2. Construction of the algorithm

In this section, we will introduce a multidimentional FDE subject to the initial condition. Let $\alpha \in \; (0, 1]$ , $0 < \alpha _{1} < \alpha _{2} < ..., \alpha _{m} < 1,$ and $m$ is integer real number,

$\begin{eqnarray} ^{CF}Dx & = &f(t,x,^{CF}D^{\alpha _{1}}x,^{CF}D^{\alpha _{2}}x,...,^{CF}D^{\alpha _{m}}x,)\text{ }, \\ x\left( 0\right) & = &c_{0}, \end{eqnarray}$

(2.1)

where $x = x\left(t\right), t\in J = \left[ 0, T\right], T\in R^{+}, x\in C\left(J\right)$ .

To facilitate the equation and make it easy for the calculation, we let $x\left(t\right) = c_{0}+X\left(t\right)$ so Eq (2.1) can be witten as

$\begin{eqnarray} ^{CF}D^{\alpha }X & = &f(t,c_{0}+X,^{CF}D^{\alpha _{1}}X,^{CF}D^{\alpha _{2}}X,...,^{CF}D^{\alpha _{m}}X), \\ \text{ }X\left( 0\right) & = &0. \end{eqnarray}$

(2.2)

the algorithm depends on converting the initial condition from a constant $c_{0}$ to 0.
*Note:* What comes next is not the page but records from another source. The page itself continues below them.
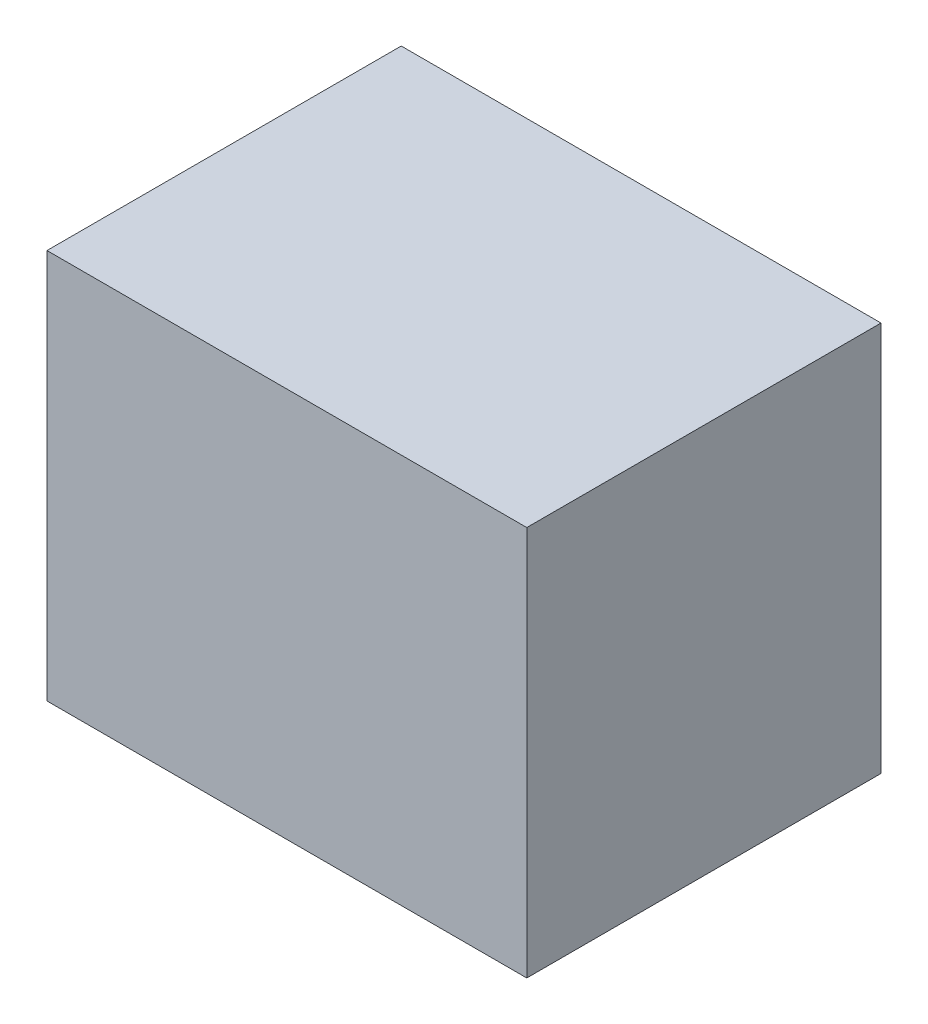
ISO-10303-21;
HEADER;
FILE_DESCRIPTION(('STEP AP214'),'2;1');
FILE_NAME('part.step','',(''),(''),'','','');
FILE_SCHEMA(('AUTOMOTIVE_DESIGN { 1 0 10303 214 1 1 1 1 }'));
ENDSEC;
DATA;
#1=APPLICATION_CONTEXT('core data for automotive mechanical design processes');
#2=APPLICATION_PROTOCOL_DEFINITION('international standard','automotive_design',2000,#1);
#3=PRODUCT_CONTEXT('',#1,'mechanical');
#4=PRODUCT('Part','Part','',(#3));
#5=PRODUCT_RELATED_PRODUCT_CATEGORY('part','',(#4));
#6=PRODUCT_DEFINITION_FORMATION('','',#4);
#7=PRODUCT_DEFINITION_CONTEXT('part definition',#1,'design');
#8=PRODUCT_DEFINITION('design','',#6,#7);
#9=PRODUCT_DEFINITION_SHAPE('','',#8);
#10=(LENGTH_UNIT() NAMED_UNIT(*) SI_UNIT(.MILLI.,.METRE.));
#11=(NAMED_UNIT(*) PLANE_ANGLE_UNIT() SI_UNIT($,.RADIAN.));
#12=(NAMED_UNIT(*) SI_UNIT($,.STERADIAN.) SOLID_ANGLE_UNIT());
#13=UNCERTAINTY_MEASURE_WITH_UNIT(LENGTH_MEASURE(1.E-05),#10,'distance_accuracy_value','');
#14=(GEOMETRIC_REPRESENTATION_CONTEXT(3) GLOBAL_UNCERTAINTY_ASSIGNED_CONTEXT((#13)) GLOBAL_UNIT_ASSIGNED_CONTEXT((#10,
#11,#12)) REPRESENTATION_CONTEXT('',''));
#15=CARTESIAN_POINT('',(0.,0.,0.));
#16=DIRECTION('',(0.,0.,1.));
#17=DIRECTION('',(1.,0.,0.));
#18=AXIS2_PLACEMENT_3D('',#15,#16,#17);
#19=CARTESIAN_POINT('',(53.5,-43.5,79.));
#20=DIRECTION('',(-1.,0.,0.));
#21=DIRECTION('',(0.,0.,1.));
#22=AXIS2_PLACEMENT_3D('',#19,#20,#21);
#23=PLANE('',#22);
#24=DIRECTION('',(0.,1.,0.));
#25=VECTOR('',#24,1.);
#26=CARTESIAN_POINT('',(53.5,-43.5,0.));
#27=LINE('',#26,#25);
#28=CARTESIAN_POINT('',(53.5,-43.5,0.));
#29=VERTEX_POINT('',#28);
#30=CARTESIAN_POINT('',(53.5,43.5,0.));
#31=VERTEX_POINT('',#30);
#32=EDGE_CURVE('E147',#29,#31,#27,.T.);
#33=ORIENTED_EDGE('',*,*,#32,.T.);
#34=DIRECTION('',(0.,0.,-1.));
#35=VECTOR('',#34,1.);
#36=CARTESIAN_POINT('',(53.5,43.5,79.));
#37=LINE('',#36,#35);
#38=CARTESIAN_POINT('',(53.5,43.5,79.));
#39=VERTEX_POINT('',#38);
#40=EDGE_CURVE('E11',#39,#31,#37,.T.);
#41=ORIENTED_EDGE('',*,*,#40,.F.);
#42=DIRECTION('',(0.,1.,0.));
#43=VECTOR('',#42,1.);
#44=CARTESIAN_POINT('',(53.5,-43.5,79.));
#45=LINE('',#44,#43);
#46=CARTESIAN_POINT('',(53.5,-43.5,79.));
#47=VERTEX_POINT('',#46);
#48=EDGE_CURVE('E158',#47,#39,#45,.T.);
#49=ORIENTED_EDGE('',*,*,#48,.F.);
#50=DIRECTION('',(0.,0.,-1.));
#51=VECTOR('',#50,1.);
#52=CARTESIAN_POINT('',(53.5,-43.5,79.));
#53=LINE('',#52,#51);
#54=EDGE_CURVE('E167',#47,#29,#53,.T.);
#55=ORIENTED_EDGE('',*,*,#54,.T.);
#56=EDGE_LOOP('',(#33,#41,#49,#55));
#57=FACE_BOUND('',#56,.T.);
#58=ADVANCED_FACE('F45',(#57),#23,.F.);
#59=CARTESIAN_POINT('',(-53.5,43.5,79.));
#60=DIRECTION('',(0.,-1.,0.));
#61=DIRECTION('',(0.,0.,-1.));
#62=AXIS2_PLACEMENT_3D('',#59,#60,#61);
#63=PLANE('',#62);
#64=DIRECTION('',(-1.,0.,0.));
#65=VECTOR('',#64,1.);
#66=CARTESIAN_POINT('',(-53.5,43.5,0.));
#67=LINE('',#66,#65);
#68=CARTESIAN_POINT('',(-53.5,43.5,0.));
#69=VERTEX_POINT('',#68);
#70=EDGE_CURVE('E152',#31,#69,#67,.T.);
#71=ORIENTED_EDGE('',*,*,#70,.T.);
#72=DIRECTION('',(0.,0.,-1.));
#73=VECTOR('',#72,1.);
#74=CARTESIAN_POINT('',(-53.5,43.5,79.));
#75=LINE('',#74,#73);
#76=CARTESIAN_POINT('',(-53.5,43.5,79.));
#77=VERTEX_POINT('',#76);
#78=EDGE_CURVE('E54',#77,#69,#75,.T.);
#79=ORIENTED_EDGE('',*,*,#78,.F.);
#80=DIRECTION('',(-1.,0.,0.));
#81=VECTOR('',#80,1.);
#82=CARTESIAN_POINT('',(-53.5,43.5,79.));
#83=LINE('',#82,#81);
#84=EDGE_CURVE('E99',#39,#77,#83,.T.);
#85=ORIENTED_EDGE('',*,*,#84,.F.);
#86=ORIENTED_EDGE('',*,*,#40,.T.);
#87=EDGE_LOOP('',(#71,#79,#85,#86));
#88=FACE_BOUND('',#87,.T.);
#89=ADVANCED_FACE('F224',(#88),#63,.F.);
#90=CARTESIAN_POINT('',(-53.5,-43.5,79.));
#91=DIRECTION('',(1.,0.,0.));
#92=DIRECTION('',(0.,0.,-1.));
#93=AXIS2_PLACEMENT_3D('',#90,#91,#92);
#94=PLANE('',#93);
#95=DIRECTION('',(0.,-1.,0.));
#96=VECTOR('',#95,1.);
#97=CARTESIAN_POINT('',(-53.5,-43.5,0.));
#98=LINE('',#97,#96);
#99=CARTESIAN_POINT('',(-53.5,-43.5,0.));
#100=VERTEX_POINT('',#99);
#101=EDGE_CURVE('E171',#69,#100,#98,.T.);
#102=ORIENTED_EDGE('',*,*,#101,.T.);
#103=DIRECTION('',(0.,0.,-1.));
#104=VECTOR('',#103,1.);
#105=CARTESIAN_POINT('',(-53.5,-43.5,79.));
#106=LINE('',#105,#104);
#107=CARTESIAN_POINT('',(-53.5,-43.5,79.));
#108=VERTEX_POINT('',#107);
#109=EDGE_CURVE('E178',#108,#100,#106,.T.);
#110=ORIENTED_EDGE('',*,*,#109,.F.);
#111=DIRECTION('',(0.,-1.,0.));
#112=VECTOR('',#111,1.);
#113=CARTESIAN_POINT('',(-53.5,-43.5,79.));
#114=LINE('',#113,#112);
#115=EDGE_CURVE('E163',#77,#108,#114,.T.);
#116=ORIENTED_EDGE('',*,*,#115,.F.);
#117=ORIENTED_EDGE('',*,*,#78,.T.);
#118=EDGE_LOOP('',(#102,#110,#116,#117));
#119=FACE_BOUND('',#118,.T.);
#120=ADVANCED_FACE('F229',(#119),#94,.F.);
#121=CARTESIAN_POINT('',(-53.5,-43.5,79.));
#122=DIRECTION('',(0.,1.,0.));
#123=DIRECTION('',(0.,0.,1.));
#124=AXIS2_PLACEMENT_3D('',#121,#122,#123);
#125=PLANE('',#124);
#126=DIRECTION('',(1.,0.,0.));
#127=VECTOR('',#126,1.);
#128=CARTESIAN_POINT('',(-53.5,-43.5,0.));
#129=LINE('',#128,#127);
#130=EDGE_CURVE('E92',#100,#29,#129,.T.);
#131=ORIENTED_EDGE('',*,*,#130,.T.);
#132=ORIENTED_EDGE('',*,*,#54,.F.);
#133=DIRECTION('',(1.,0.,0.));
#134=VECTOR('',#133,1.);
#135=CARTESIAN_POINT('',(-53.5,-43.5,79.));
#136=LINE('',#135,#134);
#137=EDGE_CURVE('E71',#108,#47,#136,.T.);
#138=ORIENTED_EDGE('',*,*,#137,.F.);
#139=ORIENTED_EDGE('',*,*,#109,.T.);
#140=EDGE_LOOP('',(#131,#132,#138,#139));
#141=FACE_BOUND('',#140,.T.);
#142=ADVANCED_FACE('F238',(#141),#125,.F.);
#143=CARTESIAN_POINT('',(0.,0.,79.));
#144=DIRECTION('',(0.,0.,-1.));
#145=DIRECTION('',(-1.,0.,0.));
#146=AXIS2_PLACEMENT_3D('',#143,#144,#145);
#147=PLANE('',#146);
#148=ORIENTED_EDGE('',*,*,#48,.T.);
#149=ORIENTED_EDGE('',*,*,#84,.T.);
#150=ORIENTED_EDGE('',*,*,#115,.T.);
#151=ORIENTED_EDGE('',*,*,#137,.T.);
#152=EDGE_LOOP('',(#148,#149,#150,#151));
#153=FACE_BOUND('',#152,.T.);
#154=ADVANCED_FACE('F203',(#153),#147,.F.);
#155=CARTESIAN_POINT('',(0.,0.,0.));
#156=DIRECTION('',(0.,0.,-1.));
#157=DIRECTION('',(-1.,0.,0.));
#158=AXIS2_PLACEMENT_3D('',#155,#156,#157);
#159=PLANE('',#158);
#160=CARTESIAN_POINT('',(-48.7,38.7,0.));
#161=DIRECTION('',(0.,0.,-1.));
#162=DIRECTION('',(-1.,0.,0.));
#163=AXIS2_PLACEMENT_3D('',#160,#161,#162);
#164=CIRCLE('',#163,1.5);
#165=CARTESIAN_POINT('',(-50.2,38.7,0.));
#166=VERTEX_POINT('',#165);
#167=EDGE_CURVE('E48',#166,#166,#164,.T.);
#168=ORIENTED_EDGE('',*,*,#167,.F.);
#169=EDGE_LOOP('',(#168));
#170=FACE_BOUND('',#169,.T.);
#171=CARTESIAN_POINT('',(-48.7,-38.5,0.));
#172=DIRECTION('',(0.,0.,-1.));
#173=DIRECTION('',(-1.,0.,0.));
#174=AXIS2_PLACEMENT_3D('',#171,#172,#173);
#175=CIRCLE('',#174,1.5);
#176=CARTESIAN_POINT('',(-50.2,-38.5,0.));
#177=VERTEX_POINT('',#176);
#178=EDGE_CURVE('E190',#177,#177,#175,.T.);
#179=ORIENTED_EDGE('',*,*,#178,.F.);
#180=EDGE_LOOP('',(#179));
#181=FACE_BOUND('',#180,.T.);
#182=CARTESIAN_POINT('',(48.5,38.7,0.));
#183=DIRECTION('',(0.,0.,-1.));
#184=DIRECTION('',(-1.,0.,0.));
#185=AXIS2_PLACEMENT_3D('',#182,#183,#184);
#186=CIRCLE('',#185,1.5);
#187=CARTESIAN_POINT('',(47.,38.7,0.));
#188=VERTEX_POINT('',#187);
#189=EDGE_CURVE('E187',#188,#188,#186,.T.);
#190=ORIENTED_EDGE('',*,*,#189,.F.);
#191=EDGE_LOOP('',(#190));
#192=FACE_BOUND('',#191,.T.);
#193=CARTESIAN_POINT('',(48.5,-38.5,0.));
#194=DIRECTION('',(0.,0.,-1.));
#195=DIRECTION('',(-1.,0.,0.));
#196=AXIS2_PLACEMENT_3D('',#193,#194,#195);
#197=CIRCLE('',#196,1.5);
#198=CARTESIAN_POINT('',(47.,-38.5,0.));
#199=VERTEX_POINT('',#198);
#200=EDGE_CURVE('E140',#199,#199,#197,.T.);
#201=ORIENTED_EDGE('',*,*,#200,.F.);
#202=EDGE_LOOP('',(#201));
#203=FACE_BOUND('',#202,.T.);
#204=DIRECTION('',(-1.,0.,0.));
#205=VECTOR('',#204,1.);
#206=CARTESIAN_POINT('',(-46.5,37.5,0.));
#207=LINE('',#206,#205);
#208=CARTESIAN_POINT('',(46.5,37.5,0.));
#209=VERTEX_POINT('',#208);
#210=CARTESIAN_POINT('',(-46.5,37.5,0.));
#211=VERTEX_POINT('',#210);
#212=EDGE_CURVE('E145',#209,#211,#207,.T.);
#213=ORIENTED_EDGE('',*,*,#212,.T.);
#214=DIRECTION('',(0.,-1.,0.));
#215=VECTOR('',#214,1.);
#216=CARTESIAN_POINT('',(-46.5,37.5,0.));
#217=LINE('',#216,#215);
#218=CARTESIAN_POINT('',(-46.5,-37.5,0.));
#219=VERTEX_POINT('',#218);
#220=EDGE_CURVE('E126',#211,#219,#217,.T.);
#221=ORIENTED_EDGE('',*,*,#220,.T.);
#222=DIRECTION('',(-1.,0.,0.));
#223=VECTOR('',#222,1.);
#224=CARTESIAN_POINT('',(-46.5,-37.5,0.));
#225=LINE('',#224,#223);
#226=CARTESIAN_POINT('',(46.5,-37.5,0.));
#227=VERTEX_POINT('',#226);
#228=EDGE_CURVE('E133',#227,#219,#225,.T.);
#229=ORIENTED_EDGE('',*,*,#228,.F.);
#230=DIRECTION('',(0.,-1.,0.));
#231=VECTOR('',#230,1.);
#232=CARTESIAN_POINT('',(46.5,37.5,0.));
#233=LINE('',#232,#231);
#234=EDGE_CURVE('E344',#209,#227,#233,.T.);
#235=ORIENTED_EDGE('',*,*,#234,.F.);
#236=EDGE_LOOP('',(#213,#221,#229,#235));
#237=FACE_BOUND('',#236,.T.);
#238=ORIENTED_EDGE('',*,*,#32,.F.);
#239=ORIENTED_EDGE('',*,*,#130,.F.);
#240=ORIENTED_EDGE('',*,*,#101,.F.);
#241=ORIENTED_EDGE('',*,*,#70,.F.);
#242=EDGE_LOOP('',(#238,#239,#240,#241));
#243=FACE_BOUND('',#242,.T.);
#244=ADVANCED_FACE('F142',(#170,#181,#192,#203,#237,#243),#159,.T.);
#245=CARTESIAN_POINT('',(-46.5,37.5,0.));
#246=DIRECTION('',(0.990268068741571,0.,-0.139173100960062));
#247=DIRECTION('',(-0.139173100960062,0.,-0.990268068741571));
#248=AXIS2_PLACEMENT_3D('',#245,#246,#247);
#249=PLANE('',#248);
#250=ORIENTED_EDGE('',*,*,#220,.F.);
#251=DIRECTION('',(0.139173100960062,0.,0.990268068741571));
#252=VECTOR('',#251,1.);
#253=CARTESIAN_POINT('',(-46.5,37.5,0.));
#254=LINE('',#253,#252);
#255=CARTESIAN_POINT('',(-36.3810599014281,37.5,72.));
#256=VERTEX_POINT('',#255);
#257=EDGE_CURVE('E341',#211,#256,#254,.T.);
#258=ORIENTED_EDGE('',*,*,#257,.T.);
#259=DIRECTION('',(0.,-1.,0.));
#260=VECTOR('',#259,1.);
#261=CARTESIAN_POINT('',(-36.3810599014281,37.5,72.));
#262=LINE('',#261,#260);
#263=CARTESIAN_POINT('',(-36.3810599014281,-37.5,72.));
#264=VERTEX_POINT('',#263);
#265=EDGE_CURVE('E129',#256,#264,#262,.T.);
#266=ORIENTED_EDGE('',*,*,#265,.T.);
#267=DIRECTION('',(0.139173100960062,0.,0.990268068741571));
#268=VECTOR('',#267,1.);
#269=CARTESIAN_POINT('',(-46.5,-37.5,0.));
#270=LINE('',#269,#268);
#271=EDGE_CURVE('E123',#219,#264,#270,.T.);
#272=ORIENTED_EDGE('',*,*,#271,.F.);
#273=EDGE_LOOP('',(#250,#258,#266,#272));
#274=FACE_BOUND('',#273,.T.);
#275=ADVANCED_FACE('F124',(#274),#249,.T.);
#276=CARTESIAN_POINT('',(-36.3810599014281,37.5,72.));
#277=DIRECTION('',(0.,0.,-1.));
#278=DIRECTION('',(-1.,0.,0.));
#279=AXIS2_PLACEMENT_3D('',#276,#277,#278);
#280=PLANE('',#279);
#281=ORIENTED_EDGE('',*,*,#265,.F.);
#282=DIRECTION('',(1.,0.,0.));
#283=VECTOR('',#282,1.);
#284=CARTESIAN_POINT('',(-36.3810599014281,37.5,72.));
#285=LINE('',#284,#283);
#286=CARTESIAN_POINT('',(36.3810599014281,37.5,72.));
#287=VERTEX_POINT('',#286);
#288=EDGE_CURVE('E349',#256,#287,#285,.T.);
#289=ORIENTED_EDGE('',*,*,#288,.T.);
#290=DIRECTION('',(0.,-1.,0.));
#291=VECTOR('',#290,1.);
#292=CARTESIAN_POINT('',(36.3810599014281,37.5,72.));
#293=LINE('',#292,#291);
#294=CARTESIAN_POINT('',(36.3810599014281,-37.5,72.));
#295=VERTEX_POINT('',#294);
#296=EDGE_CURVE('E154',#287,#295,#293,.T.);
#297=ORIENTED_EDGE('',*,*,#296,.T.);
#298=DIRECTION('',(1.,0.,0.));
#299=VECTOR('',#298,1.);
#300=CARTESIAN_POINT('',(-36.3810599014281,-37.5,72.));
#301=LINE('',#300,#299);
#302=EDGE_CURVE('E132',#264,#295,#301,.T.);
#303=ORIENTED_EDGE('',*,*,#302,.F.);
#304=EDGE_LOOP('',(#281,#289,#297,#303));
#305=FACE_BOUND('',#304,.T.);
#306=ADVANCED_FACE('F277',(#305),#280,.T.);
#307=CARTESIAN_POINT('',(36.3810599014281,37.5,72.));
#308=DIRECTION('',(-0.990268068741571,0.,-0.139173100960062));
#309=DIRECTION('',(-0.139173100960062,0.,0.990268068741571));
#310=AXIS2_PLACEMENT_3D('',#307,#308,#309);
#311=PLANE('',#310);
#312=ORIENTED_EDGE('',*,*,#296,.F.);
#313=DIRECTION('',(0.139173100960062,0.,-0.990268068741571));
#314=VECTOR('',#313,1.);
#315=CARTESIAN_POINT('',(36.3810599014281,37.5,72.));
#316=LINE('',#315,#314);
#317=EDGE_CURVE('E340',#287,#209,#316,.T.);
#318=ORIENTED_EDGE('',*,*,#317,.T.);
#319=ORIENTED_EDGE('',*,*,#234,.T.);
#320=DIRECTION('',(0.139173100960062,0.,-0.990268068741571));
#321=VECTOR('',#320,1.);
#322=CARTESIAN_POINT('',(36.3810599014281,-37.5,72.));
#323=LINE('',#322,#321);
#324=EDGE_CURVE('E62',#295,#227,#323,.T.);
#325=ORIENTED_EDGE('',*,*,#324,.F.);
#326=EDGE_LOOP('',(#312,#318,#319,#325));
#327=FACE_BOUND('',#326,.T.);
#328=ADVANCED_FACE('F285',(#327),#311,.T.);
#329=CARTESIAN_POINT('',(0.,37.5,0.));
#330=DIRECTION('',(0.,1.,0.));
#331=DIRECTION('',(0.,0.,1.));
#332=AXIS2_PLACEMENT_3D('',#329,#330,#331);
#333=PLANE('',#332);
#334=ORIENTED_EDGE('',*,*,#212,.F.);
#335=ORIENTED_EDGE('',*,*,#317,.F.);
#336=ORIENTED_EDGE('',*,*,#288,.F.);
#337=ORIENTED_EDGE('',*,*,#257,.F.);
#338=EDGE_LOOP('',(#334,#335,#336,#337));
#339=FACE_BOUND('',#338,.T.);
#340=ADVANCED_FACE('F221',(#339),#333,.F.);
#341=CARTESIAN_POINT('',(0.,-37.5,0.));
#342=DIRECTION('',(0.,1.,0.));
#343=DIRECTION('',(0.,0.,1.));
#344=AXIS2_PLACEMENT_3D('',#341,#342,#343);
#345=PLANE('',#344);
#346=ORIENTED_EDGE('',*,*,#228,.T.);
#347=ORIENTED_EDGE('',*,*,#271,.T.);
#348=ORIENTED_EDGE('',*,*,#302,.T.);
#349=ORIENTED_EDGE('',*,*,#324,.T.);
#350=EDGE_LOOP('',(#346,#347,#348,#349));
#351=FACE_BOUND('',#350,.T.);
#352=ADVANCED_FACE('F136',(#351),#345,.T.);
#353=CARTESIAN_POINT('',(48.5,-38.5,0.));
#354=DIRECTION('',(0.,0.,-1.));
#355=DIRECTION('',(-1.,0.,0.));
#356=AXIS2_PLACEMENT_3D('',#353,#354,#355);
#357=SPHERICAL_SURFACE('',#356,1.5);
#358=ORIENTED_EDGE('',*,*,#200,.T.);
#359=EDGE_LOOP('',(#358));
#360=FACE_BOUND('',#359,.T.);
#361=ADVANCED_FACE('F210',(#360),#357,.F.);
#362=CARTESIAN_POINT('',(48.5,38.7,0.));
#363=DIRECTION('',(0.,0.,-1.));
#364=DIRECTION('',(-1.,0.,0.));
#365=AXIS2_PLACEMENT_3D('',#362,#363,#364);
#366=SPHERICAL_SURFACE('',#365,1.5);
#367=ORIENTED_EDGE('',*,*,#189,.T.);
#368=EDGE_LOOP('',(#367));
#369=FACE_BOUND('',#368,.T.);
#370=ADVANCED_FACE('F212',(#369),#366,.F.);
#371=CARTESIAN_POINT('',(-48.7,-38.5,0.));
#372=DIRECTION('',(0.,0.,-1.));
#373=DIRECTION('',(-1.,0.,0.));
#374=AXIS2_PLACEMENT_3D('',#371,#372,#373);
#375=SPHERICAL_SURFACE('',#374,1.5);
#376=ORIENTED_EDGE('',*,*,#178,.T.);
#377=EDGE_LOOP('',(#376));
#378=FACE_BOUND('',#377,.T.);
#379=ADVANCED_FACE('F218',(#378),#375,.F.);
#380=CARTESIAN_POINT('',(-48.7,38.7,0.));
#381=DIRECTION('',(0.,0.,-1.));
#382=DIRECTION('',(-1.,0.,0.));
#383=AXIS2_PLACEMENT_3D('',#380,#381,#382);
#384=SPHERICAL_SURFACE('',#383,1.5);
#385=ORIENTED_EDGE('',*,*,#167,.T.);
#386=EDGE_LOOP('',(#385));
#387=FACE_BOUND('',#386,.T.);
#388=ADVANCED_FACE('F199',(#387),#384,.F.);
#389=CLOSED_SHELL('',(#58,#89,#120,#142,#154,#244,#275,#306,#328,#340,#352,#361,#370,#379,#388));
#390=MANIFOLD_SOLID_BREP('B2',#389);
#391=ADVANCED_BREP_SHAPE_REPRESENTATION('',(#18,#390),#14);
#392=SHAPE_DEFINITION_REPRESENTATION(#9,#391);
ENDSEC;
END-ISO-10303-21;

Let $^{CF}D^{\alpha }X = y\left(t\right)$ then $X = \; ^{CF}I^{\alpha }y,$ so we have

$\begin{equation} ^{CF}D^{\alpha i}X = \text{ }^{CF}I^{\alpha -\alpha i{ \ }CF}D^{\alpha }X = \text{ }^{CF}I^{\alpha -\alpha i}y,{ \ \ }i = 1,2,...,m. \end{equation}$

(2.3)

Substituting in Eq (2.2) we obtain

$\begin{equation} y = f(t,c_{0}+\text{ }^{CF}I^{\alpha }y,\text{ }^{CF}I^{\alpha -\alpha _{1}}y,...,\text{ }^{CF}I^{\alpha -\alpha _{m}}y). \end{equation}$

(2.4)

Assume $f$ satisfies Lipschtiz condition with Lipschtiz constant $\ L$ given by,

$\begin{equation} \left\vert f(t,y_{0},y_{1},...,y_{m})\right\vert -\left\vert f(t,z_{0},z_{1},...,z_{m})\right\vert \leq L\sum\limits_{i = 0}^{m}\left\vert y_{i}-z_{i}\right\vert , \end{equation}$

(2.5)

which implies

$\begin{eqnarray} && \begin{array}{c} \left\vert f(t,c_{0}+^{CF}I^{\alpha }y,^{CF}I^{\alpha -\alpha _{1}}y,..,^{CF}I^{\alpha -\alpha _{m}}y)\right. \\ \left. -f(t,c_{0}+^{CF}I^{\alpha }z,^{CF}I^{\alpha -\alpha _{1}}z,..,^{CF}I^{\alpha -\alpha _{m}}z)\right\vert \end{array} \\ &\leq &L\sum\limits_{i = 0}^{m}\left\vert \text{ }^{CF}I^{\alpha -\alpha _{i}}y-\text{ }^{CF}I^{\alpha -\alpha _{i}}z\right\vert . \end{eqnarray}$

(2.6)

The solution algorithm of Eq (2.4) using ADM is,

$\begin{eqnarray} y_{0}\left( t\right) & = &a\left( t\right) \\ y_{n+1}\left( t\right) & = &A_{n}\left( t\right) ,{ \ }j\geqslant 0. \end{eqnarray}$

(2.7)

where $a\left(t\right)$ pocesses all free terms in Eq (2.4) and $A_{n}$ are the Adomian polynomials of the nonlinear term which takes the form ^[34]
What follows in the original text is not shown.